*** RECORDS PROVIDED Section Begins ***

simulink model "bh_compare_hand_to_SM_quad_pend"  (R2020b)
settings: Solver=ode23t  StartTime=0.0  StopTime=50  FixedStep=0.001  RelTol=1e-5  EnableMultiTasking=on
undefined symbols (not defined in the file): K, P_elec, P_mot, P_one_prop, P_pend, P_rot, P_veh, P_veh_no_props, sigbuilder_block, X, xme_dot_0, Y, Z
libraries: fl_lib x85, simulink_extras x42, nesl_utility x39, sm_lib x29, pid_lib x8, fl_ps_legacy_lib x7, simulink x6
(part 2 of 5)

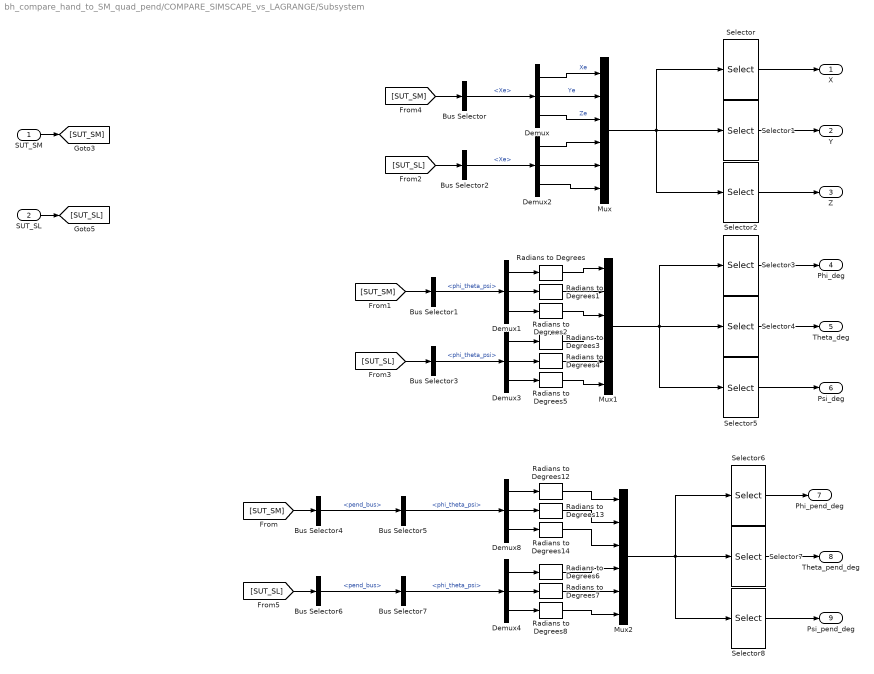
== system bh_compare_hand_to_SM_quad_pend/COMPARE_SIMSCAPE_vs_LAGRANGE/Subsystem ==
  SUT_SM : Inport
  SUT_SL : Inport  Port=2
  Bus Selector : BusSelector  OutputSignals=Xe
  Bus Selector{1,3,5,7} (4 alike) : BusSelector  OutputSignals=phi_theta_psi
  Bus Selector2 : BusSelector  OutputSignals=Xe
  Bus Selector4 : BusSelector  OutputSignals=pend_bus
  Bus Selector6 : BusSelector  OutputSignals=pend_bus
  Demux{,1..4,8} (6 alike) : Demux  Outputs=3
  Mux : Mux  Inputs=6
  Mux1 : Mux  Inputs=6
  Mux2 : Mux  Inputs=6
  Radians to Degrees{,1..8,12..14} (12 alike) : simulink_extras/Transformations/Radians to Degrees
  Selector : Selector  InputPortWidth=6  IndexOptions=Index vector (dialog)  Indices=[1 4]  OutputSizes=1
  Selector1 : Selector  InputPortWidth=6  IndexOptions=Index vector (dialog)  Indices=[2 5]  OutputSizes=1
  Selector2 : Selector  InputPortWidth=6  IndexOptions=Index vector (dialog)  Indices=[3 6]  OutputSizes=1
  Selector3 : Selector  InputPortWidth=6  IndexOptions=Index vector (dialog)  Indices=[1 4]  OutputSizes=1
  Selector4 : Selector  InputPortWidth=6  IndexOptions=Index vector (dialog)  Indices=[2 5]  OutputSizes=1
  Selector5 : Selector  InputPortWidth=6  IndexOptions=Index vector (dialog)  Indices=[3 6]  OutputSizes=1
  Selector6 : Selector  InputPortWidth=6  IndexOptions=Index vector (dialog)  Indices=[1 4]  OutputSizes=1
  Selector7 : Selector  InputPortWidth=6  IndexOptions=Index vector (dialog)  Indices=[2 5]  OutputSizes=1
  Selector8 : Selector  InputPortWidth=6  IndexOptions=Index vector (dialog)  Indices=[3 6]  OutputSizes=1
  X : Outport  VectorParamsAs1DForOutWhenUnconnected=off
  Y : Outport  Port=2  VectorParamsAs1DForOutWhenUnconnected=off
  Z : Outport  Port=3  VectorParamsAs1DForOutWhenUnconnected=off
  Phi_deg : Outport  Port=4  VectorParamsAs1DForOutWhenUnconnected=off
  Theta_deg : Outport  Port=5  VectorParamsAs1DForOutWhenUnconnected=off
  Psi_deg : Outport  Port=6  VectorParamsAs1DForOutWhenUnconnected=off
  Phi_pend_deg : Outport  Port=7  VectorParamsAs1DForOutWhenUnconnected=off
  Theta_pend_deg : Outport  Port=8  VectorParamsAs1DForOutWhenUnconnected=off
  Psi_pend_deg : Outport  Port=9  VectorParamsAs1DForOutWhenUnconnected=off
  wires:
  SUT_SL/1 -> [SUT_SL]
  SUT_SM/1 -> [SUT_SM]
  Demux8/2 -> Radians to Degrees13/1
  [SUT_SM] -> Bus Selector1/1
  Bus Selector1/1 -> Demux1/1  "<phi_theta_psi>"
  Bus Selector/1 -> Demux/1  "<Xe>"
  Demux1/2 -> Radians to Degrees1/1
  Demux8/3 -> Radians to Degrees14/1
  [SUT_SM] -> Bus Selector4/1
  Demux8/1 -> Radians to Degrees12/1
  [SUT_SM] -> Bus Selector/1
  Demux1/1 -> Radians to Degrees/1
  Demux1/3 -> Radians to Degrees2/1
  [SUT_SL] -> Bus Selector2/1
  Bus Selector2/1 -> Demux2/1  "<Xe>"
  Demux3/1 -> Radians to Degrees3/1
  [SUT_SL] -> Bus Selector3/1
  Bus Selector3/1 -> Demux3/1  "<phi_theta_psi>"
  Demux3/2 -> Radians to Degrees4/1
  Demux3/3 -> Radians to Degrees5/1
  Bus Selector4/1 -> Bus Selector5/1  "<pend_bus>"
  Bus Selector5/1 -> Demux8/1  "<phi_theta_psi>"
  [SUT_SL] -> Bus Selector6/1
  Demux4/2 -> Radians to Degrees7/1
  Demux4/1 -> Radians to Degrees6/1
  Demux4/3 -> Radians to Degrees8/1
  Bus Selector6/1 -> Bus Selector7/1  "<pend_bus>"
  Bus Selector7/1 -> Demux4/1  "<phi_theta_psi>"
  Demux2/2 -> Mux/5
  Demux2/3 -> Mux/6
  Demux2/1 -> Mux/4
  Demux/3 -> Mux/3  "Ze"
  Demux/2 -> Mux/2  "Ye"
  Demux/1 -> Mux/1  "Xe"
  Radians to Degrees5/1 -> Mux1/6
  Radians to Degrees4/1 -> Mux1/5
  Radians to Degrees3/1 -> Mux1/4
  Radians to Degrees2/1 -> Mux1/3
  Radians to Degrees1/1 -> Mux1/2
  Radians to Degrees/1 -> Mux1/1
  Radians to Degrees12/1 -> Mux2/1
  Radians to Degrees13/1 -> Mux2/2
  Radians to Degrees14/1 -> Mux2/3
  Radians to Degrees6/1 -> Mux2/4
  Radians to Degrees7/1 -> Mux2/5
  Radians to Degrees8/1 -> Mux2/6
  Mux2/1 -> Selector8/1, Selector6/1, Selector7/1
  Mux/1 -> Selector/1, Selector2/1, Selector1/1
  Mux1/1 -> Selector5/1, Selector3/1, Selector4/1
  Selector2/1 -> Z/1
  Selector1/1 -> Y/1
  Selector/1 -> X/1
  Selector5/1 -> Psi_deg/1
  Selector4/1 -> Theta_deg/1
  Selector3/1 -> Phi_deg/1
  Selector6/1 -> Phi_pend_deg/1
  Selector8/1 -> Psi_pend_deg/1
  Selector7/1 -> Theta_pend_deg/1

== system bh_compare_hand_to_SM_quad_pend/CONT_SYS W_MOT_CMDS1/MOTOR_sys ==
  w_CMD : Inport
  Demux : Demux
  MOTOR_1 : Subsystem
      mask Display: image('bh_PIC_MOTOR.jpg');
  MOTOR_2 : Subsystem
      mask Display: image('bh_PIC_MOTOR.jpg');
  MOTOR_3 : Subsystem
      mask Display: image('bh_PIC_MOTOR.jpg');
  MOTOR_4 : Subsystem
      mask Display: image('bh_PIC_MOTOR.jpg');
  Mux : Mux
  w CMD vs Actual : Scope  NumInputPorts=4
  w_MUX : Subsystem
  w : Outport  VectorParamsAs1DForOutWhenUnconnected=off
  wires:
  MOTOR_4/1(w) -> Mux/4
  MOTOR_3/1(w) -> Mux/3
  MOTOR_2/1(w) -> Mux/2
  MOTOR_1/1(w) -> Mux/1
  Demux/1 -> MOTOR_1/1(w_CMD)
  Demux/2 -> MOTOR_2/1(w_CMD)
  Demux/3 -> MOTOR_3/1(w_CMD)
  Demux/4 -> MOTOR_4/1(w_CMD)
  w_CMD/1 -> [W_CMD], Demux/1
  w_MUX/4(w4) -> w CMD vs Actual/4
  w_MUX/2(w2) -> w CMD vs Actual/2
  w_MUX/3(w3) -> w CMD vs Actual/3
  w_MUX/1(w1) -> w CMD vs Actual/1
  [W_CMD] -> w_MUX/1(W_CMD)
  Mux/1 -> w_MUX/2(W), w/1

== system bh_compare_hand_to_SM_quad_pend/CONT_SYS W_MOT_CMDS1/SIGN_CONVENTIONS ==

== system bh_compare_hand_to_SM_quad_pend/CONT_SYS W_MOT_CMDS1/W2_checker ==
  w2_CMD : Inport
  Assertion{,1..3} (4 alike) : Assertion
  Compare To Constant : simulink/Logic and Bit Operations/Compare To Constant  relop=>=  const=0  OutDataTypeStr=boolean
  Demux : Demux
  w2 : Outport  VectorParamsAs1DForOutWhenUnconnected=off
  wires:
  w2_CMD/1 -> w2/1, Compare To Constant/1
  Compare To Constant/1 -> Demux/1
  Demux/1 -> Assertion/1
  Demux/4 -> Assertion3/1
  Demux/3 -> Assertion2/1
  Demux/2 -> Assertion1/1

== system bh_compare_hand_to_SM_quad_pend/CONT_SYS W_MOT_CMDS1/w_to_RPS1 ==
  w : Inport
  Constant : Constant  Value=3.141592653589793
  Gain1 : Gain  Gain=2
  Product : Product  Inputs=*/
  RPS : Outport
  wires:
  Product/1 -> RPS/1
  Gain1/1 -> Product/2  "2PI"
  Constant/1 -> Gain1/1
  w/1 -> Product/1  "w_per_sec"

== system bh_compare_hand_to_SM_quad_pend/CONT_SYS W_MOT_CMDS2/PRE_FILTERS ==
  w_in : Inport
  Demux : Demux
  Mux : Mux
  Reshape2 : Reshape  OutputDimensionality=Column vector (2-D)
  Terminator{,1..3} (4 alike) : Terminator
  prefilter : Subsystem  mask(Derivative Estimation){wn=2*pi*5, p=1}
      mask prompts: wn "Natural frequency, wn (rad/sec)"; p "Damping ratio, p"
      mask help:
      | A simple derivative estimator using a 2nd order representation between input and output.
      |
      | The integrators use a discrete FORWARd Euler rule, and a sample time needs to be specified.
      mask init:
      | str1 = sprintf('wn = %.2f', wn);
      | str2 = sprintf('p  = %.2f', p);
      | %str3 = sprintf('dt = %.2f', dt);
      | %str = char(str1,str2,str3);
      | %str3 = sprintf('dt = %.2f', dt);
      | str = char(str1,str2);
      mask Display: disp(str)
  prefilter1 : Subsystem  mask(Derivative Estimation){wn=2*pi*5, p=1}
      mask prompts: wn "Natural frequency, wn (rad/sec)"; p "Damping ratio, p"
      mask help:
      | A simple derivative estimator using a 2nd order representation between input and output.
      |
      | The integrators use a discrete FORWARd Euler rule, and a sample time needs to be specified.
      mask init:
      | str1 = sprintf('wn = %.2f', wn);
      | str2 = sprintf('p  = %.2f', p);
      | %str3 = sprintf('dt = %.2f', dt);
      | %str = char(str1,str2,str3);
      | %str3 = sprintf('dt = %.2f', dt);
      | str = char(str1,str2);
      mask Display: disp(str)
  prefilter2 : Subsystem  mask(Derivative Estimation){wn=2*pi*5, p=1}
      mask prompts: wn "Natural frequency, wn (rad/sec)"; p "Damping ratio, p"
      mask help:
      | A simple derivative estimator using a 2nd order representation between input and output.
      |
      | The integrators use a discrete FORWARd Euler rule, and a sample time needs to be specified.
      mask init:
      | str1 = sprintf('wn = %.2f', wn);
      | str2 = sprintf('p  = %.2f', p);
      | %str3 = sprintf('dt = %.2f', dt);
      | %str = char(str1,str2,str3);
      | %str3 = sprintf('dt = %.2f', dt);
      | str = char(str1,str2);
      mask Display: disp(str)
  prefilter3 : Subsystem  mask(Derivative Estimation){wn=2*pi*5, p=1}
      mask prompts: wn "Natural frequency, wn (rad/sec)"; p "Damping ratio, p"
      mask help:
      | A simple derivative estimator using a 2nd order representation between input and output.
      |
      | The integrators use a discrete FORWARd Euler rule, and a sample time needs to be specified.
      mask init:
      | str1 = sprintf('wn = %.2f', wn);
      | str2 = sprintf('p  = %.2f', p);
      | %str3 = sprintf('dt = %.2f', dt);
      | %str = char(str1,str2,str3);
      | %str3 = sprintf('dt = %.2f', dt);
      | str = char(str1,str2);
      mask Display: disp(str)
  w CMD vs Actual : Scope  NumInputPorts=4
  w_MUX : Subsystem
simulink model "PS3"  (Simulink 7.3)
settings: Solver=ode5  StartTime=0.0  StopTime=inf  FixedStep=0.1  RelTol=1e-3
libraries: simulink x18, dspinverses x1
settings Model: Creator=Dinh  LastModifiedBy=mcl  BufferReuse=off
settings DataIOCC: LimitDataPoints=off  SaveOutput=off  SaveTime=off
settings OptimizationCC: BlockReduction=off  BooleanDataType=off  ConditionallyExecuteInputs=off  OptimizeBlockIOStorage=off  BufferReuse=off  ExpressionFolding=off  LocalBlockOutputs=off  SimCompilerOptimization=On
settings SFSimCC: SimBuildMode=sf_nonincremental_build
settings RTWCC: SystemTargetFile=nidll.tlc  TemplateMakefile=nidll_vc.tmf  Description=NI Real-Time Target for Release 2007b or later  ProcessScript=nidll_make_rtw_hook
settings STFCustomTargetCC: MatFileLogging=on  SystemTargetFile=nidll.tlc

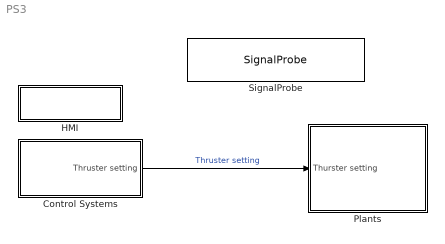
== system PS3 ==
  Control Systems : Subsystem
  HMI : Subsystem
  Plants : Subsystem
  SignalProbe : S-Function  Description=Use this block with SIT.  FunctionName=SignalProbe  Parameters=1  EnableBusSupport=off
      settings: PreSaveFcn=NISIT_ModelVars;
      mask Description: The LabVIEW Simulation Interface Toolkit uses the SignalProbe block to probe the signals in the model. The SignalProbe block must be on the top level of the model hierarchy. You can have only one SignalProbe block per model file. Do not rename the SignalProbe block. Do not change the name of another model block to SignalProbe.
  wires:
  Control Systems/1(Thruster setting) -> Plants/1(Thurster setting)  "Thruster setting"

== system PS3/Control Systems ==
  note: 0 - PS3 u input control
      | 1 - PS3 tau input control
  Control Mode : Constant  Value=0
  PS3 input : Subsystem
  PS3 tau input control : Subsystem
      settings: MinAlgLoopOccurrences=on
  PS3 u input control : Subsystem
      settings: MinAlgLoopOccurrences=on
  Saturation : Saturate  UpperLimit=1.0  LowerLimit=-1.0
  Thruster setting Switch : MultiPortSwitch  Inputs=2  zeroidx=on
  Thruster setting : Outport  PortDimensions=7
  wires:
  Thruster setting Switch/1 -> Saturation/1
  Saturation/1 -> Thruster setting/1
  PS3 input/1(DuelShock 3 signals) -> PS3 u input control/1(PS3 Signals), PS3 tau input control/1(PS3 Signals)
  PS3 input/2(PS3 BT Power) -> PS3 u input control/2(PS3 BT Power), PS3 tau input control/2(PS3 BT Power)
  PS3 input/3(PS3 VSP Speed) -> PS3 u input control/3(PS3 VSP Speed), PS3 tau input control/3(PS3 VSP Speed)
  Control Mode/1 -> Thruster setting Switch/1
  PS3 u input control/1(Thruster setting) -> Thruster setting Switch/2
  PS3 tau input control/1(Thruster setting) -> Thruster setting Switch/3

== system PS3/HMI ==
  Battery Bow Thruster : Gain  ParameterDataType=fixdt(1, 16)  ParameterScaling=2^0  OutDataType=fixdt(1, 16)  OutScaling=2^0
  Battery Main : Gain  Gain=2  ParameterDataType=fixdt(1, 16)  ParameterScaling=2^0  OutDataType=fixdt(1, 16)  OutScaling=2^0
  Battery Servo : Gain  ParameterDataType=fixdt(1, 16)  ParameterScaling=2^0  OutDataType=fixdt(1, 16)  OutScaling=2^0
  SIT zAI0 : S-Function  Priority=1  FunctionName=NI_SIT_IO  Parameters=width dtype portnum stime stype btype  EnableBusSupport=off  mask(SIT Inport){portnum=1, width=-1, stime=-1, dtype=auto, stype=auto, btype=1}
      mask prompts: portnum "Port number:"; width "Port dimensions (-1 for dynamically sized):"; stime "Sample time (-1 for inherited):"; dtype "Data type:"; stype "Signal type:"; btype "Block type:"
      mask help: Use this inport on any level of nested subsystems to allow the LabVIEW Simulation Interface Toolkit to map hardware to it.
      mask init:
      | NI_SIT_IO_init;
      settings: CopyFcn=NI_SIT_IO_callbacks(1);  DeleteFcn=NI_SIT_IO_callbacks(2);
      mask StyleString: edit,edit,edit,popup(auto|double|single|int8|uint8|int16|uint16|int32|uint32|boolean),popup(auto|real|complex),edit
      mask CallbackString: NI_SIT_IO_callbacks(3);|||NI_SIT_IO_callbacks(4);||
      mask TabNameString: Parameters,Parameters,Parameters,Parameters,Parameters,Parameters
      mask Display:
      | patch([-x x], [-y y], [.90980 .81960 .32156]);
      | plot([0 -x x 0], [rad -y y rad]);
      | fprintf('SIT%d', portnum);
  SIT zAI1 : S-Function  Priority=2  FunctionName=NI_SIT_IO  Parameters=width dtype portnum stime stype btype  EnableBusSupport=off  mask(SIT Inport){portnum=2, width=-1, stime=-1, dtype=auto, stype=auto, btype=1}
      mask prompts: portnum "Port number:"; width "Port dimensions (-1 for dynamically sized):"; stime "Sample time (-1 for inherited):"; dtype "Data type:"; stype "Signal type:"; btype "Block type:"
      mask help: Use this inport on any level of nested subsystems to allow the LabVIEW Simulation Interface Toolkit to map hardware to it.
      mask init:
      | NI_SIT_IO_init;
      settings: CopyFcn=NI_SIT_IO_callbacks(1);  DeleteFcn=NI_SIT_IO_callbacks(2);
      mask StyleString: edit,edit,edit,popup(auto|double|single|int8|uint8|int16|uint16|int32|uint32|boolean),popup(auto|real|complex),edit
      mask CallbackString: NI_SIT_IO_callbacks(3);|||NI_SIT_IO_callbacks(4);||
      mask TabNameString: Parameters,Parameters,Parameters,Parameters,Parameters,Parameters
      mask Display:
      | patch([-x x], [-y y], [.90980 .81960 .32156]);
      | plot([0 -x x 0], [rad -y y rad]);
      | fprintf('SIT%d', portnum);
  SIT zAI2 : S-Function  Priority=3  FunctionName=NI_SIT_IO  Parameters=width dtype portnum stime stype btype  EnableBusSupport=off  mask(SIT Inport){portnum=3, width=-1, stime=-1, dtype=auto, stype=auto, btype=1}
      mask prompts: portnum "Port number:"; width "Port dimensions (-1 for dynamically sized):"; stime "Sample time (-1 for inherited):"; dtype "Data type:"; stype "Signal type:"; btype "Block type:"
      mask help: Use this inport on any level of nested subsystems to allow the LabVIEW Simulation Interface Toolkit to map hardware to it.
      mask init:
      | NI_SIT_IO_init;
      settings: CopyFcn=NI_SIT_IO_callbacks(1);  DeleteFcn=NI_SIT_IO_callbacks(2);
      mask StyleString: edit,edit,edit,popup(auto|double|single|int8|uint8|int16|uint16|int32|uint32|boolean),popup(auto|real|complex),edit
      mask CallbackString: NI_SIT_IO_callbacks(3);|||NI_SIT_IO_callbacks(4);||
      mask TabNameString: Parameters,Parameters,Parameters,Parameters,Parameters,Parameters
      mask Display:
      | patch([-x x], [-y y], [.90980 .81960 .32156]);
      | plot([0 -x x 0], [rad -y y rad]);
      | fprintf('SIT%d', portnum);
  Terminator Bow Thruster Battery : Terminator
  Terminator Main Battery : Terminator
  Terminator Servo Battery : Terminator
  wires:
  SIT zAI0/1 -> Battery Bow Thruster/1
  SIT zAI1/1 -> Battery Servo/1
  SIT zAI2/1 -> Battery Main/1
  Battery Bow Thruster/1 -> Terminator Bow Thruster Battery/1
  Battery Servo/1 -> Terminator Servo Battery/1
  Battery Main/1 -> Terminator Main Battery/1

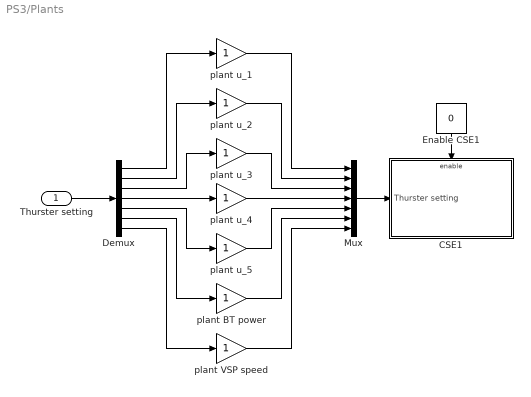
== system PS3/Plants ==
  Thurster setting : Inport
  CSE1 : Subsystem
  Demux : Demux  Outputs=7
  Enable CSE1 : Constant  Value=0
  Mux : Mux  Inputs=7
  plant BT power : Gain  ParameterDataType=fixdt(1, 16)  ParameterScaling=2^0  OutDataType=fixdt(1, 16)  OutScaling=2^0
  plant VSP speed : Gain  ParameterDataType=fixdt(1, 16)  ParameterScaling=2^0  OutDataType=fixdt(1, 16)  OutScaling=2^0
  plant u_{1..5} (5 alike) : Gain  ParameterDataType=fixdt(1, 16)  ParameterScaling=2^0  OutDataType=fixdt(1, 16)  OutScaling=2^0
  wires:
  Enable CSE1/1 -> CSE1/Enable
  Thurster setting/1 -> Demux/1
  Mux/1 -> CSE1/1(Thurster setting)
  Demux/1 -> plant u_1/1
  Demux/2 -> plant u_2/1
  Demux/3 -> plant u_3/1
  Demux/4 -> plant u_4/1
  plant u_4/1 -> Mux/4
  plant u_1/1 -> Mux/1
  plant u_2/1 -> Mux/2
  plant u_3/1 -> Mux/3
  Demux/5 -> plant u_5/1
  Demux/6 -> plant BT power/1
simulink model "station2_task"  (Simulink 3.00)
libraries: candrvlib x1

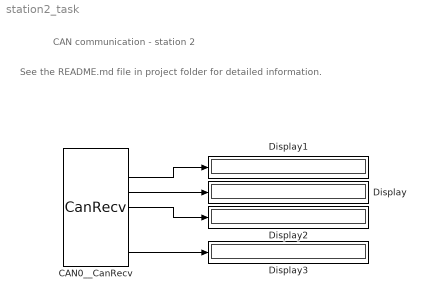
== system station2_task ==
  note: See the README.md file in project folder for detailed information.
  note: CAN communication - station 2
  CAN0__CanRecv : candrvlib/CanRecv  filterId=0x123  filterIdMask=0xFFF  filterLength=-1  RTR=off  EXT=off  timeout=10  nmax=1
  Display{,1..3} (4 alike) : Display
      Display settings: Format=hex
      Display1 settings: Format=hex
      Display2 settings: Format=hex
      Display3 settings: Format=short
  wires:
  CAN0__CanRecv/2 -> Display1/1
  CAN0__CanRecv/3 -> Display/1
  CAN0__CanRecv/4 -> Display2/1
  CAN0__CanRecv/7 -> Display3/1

*** RECORDS PROVIDED Section Ends ***

* [YOUR ASSIGNMENT]
Go through the listing above and write out exactly the lines starting with the one holding "alike) : BusSelector" and running through the one holding "Theta_pend_deg : Outport", ends included, and no others.

* [RESPONSE FOR THIS EXERCISE]
  Bus Selector{1,3,5,7} (4 alike) : BusSelector  OutputSignals=phi_theta_psi
  Bus Selector2 : BusSelector  OutputSignals=Xe
  Bus Selector4 : BusSelector  OutputSignals=pend_bus
  Bus Selector6 : BusSelector  OutputSignals=pend_bus
  Demux{,1..4,8} (6 alike) : Demux  Outputs=3
  Mux : Mux  Inputs=6
  Mux1 : Mux  Inputs=6
  Mux2 : Mux  Inputs=6
  Radians to Degrees{,1..8,12..14} (12 alike) : simulink_extras/Transformations/Radians to Degrees
  Selector : Selector  InputPortWidth=6  IndexOptions=Index vector (dialog)  Indices=[1 4]  OutputSizes=1
  Selector1 : Selector  InputPortWidth=6  IndexOptions=Index vector (dialog)  Indices=[2 5]  OutputSizes=1
  Selector2 : Selector  InputPortWidth=6  IndexOptions=Index vector (dialog)  Indices=[3 6]  OutputSizes=1
  Selector3 : Selector  InputPortWidth=6  IndexOptions=Index vector (dialog)  Indices=[1 4]  OutputSizes=1
  Selector4 : Selector  InputPortWidth=6  IndexOptions=Index vector (dialog)  Indices=[2 5]  OutputSizes=1
  Selector5 : Selector  InputPortWidth=6  IndexOptions=Index vector (dialog)  Indices=[3 6]  OutputSizes=1
  Selector6 : Selector  InputPortWidth=6  IndexOptions=Index vector (dialog)  Indices=[1 4]  OutputSizes=1
  Selector7 : Selector  InputPortWidth=6  IndexOptions=Index vector (dialog)  Indices=[2 5]  OutputSizes=1
  Selector8 : Selector  InputPortWidth=6  IndexOptions=Index vector (dialog)  Indices=[3 6]  OutputSizes=1
  X : Outport  VectorParamsAs1DForOutWhenUnconnected=off
  Y : Outport  Port=2  VectorParamsAs1DForOutWhenUnconnected=off
  Z : Outport  Port=3  VectorParamsAs1DForOutWhenUnconnected=off
  Phi_deg : Outport  Port=4  VectorParamsAs1DForOutWhenUnconnected=off
  Theta_deg : Outport  Port=5  VectorParamsAs1DForOutWhenUnconnected=off
  Psi_deg : Outport  Port=6  VectorParamsAs1DForOutWhenUnconnected=off
  Phi_pend_deg : Outport  Port=7  VectorParamsAs1DForOutWhenUnconnected=off
  Theta_pend_deg : Outport  Port=8  VectorParamsAs1DForOutWhenUnconnected=off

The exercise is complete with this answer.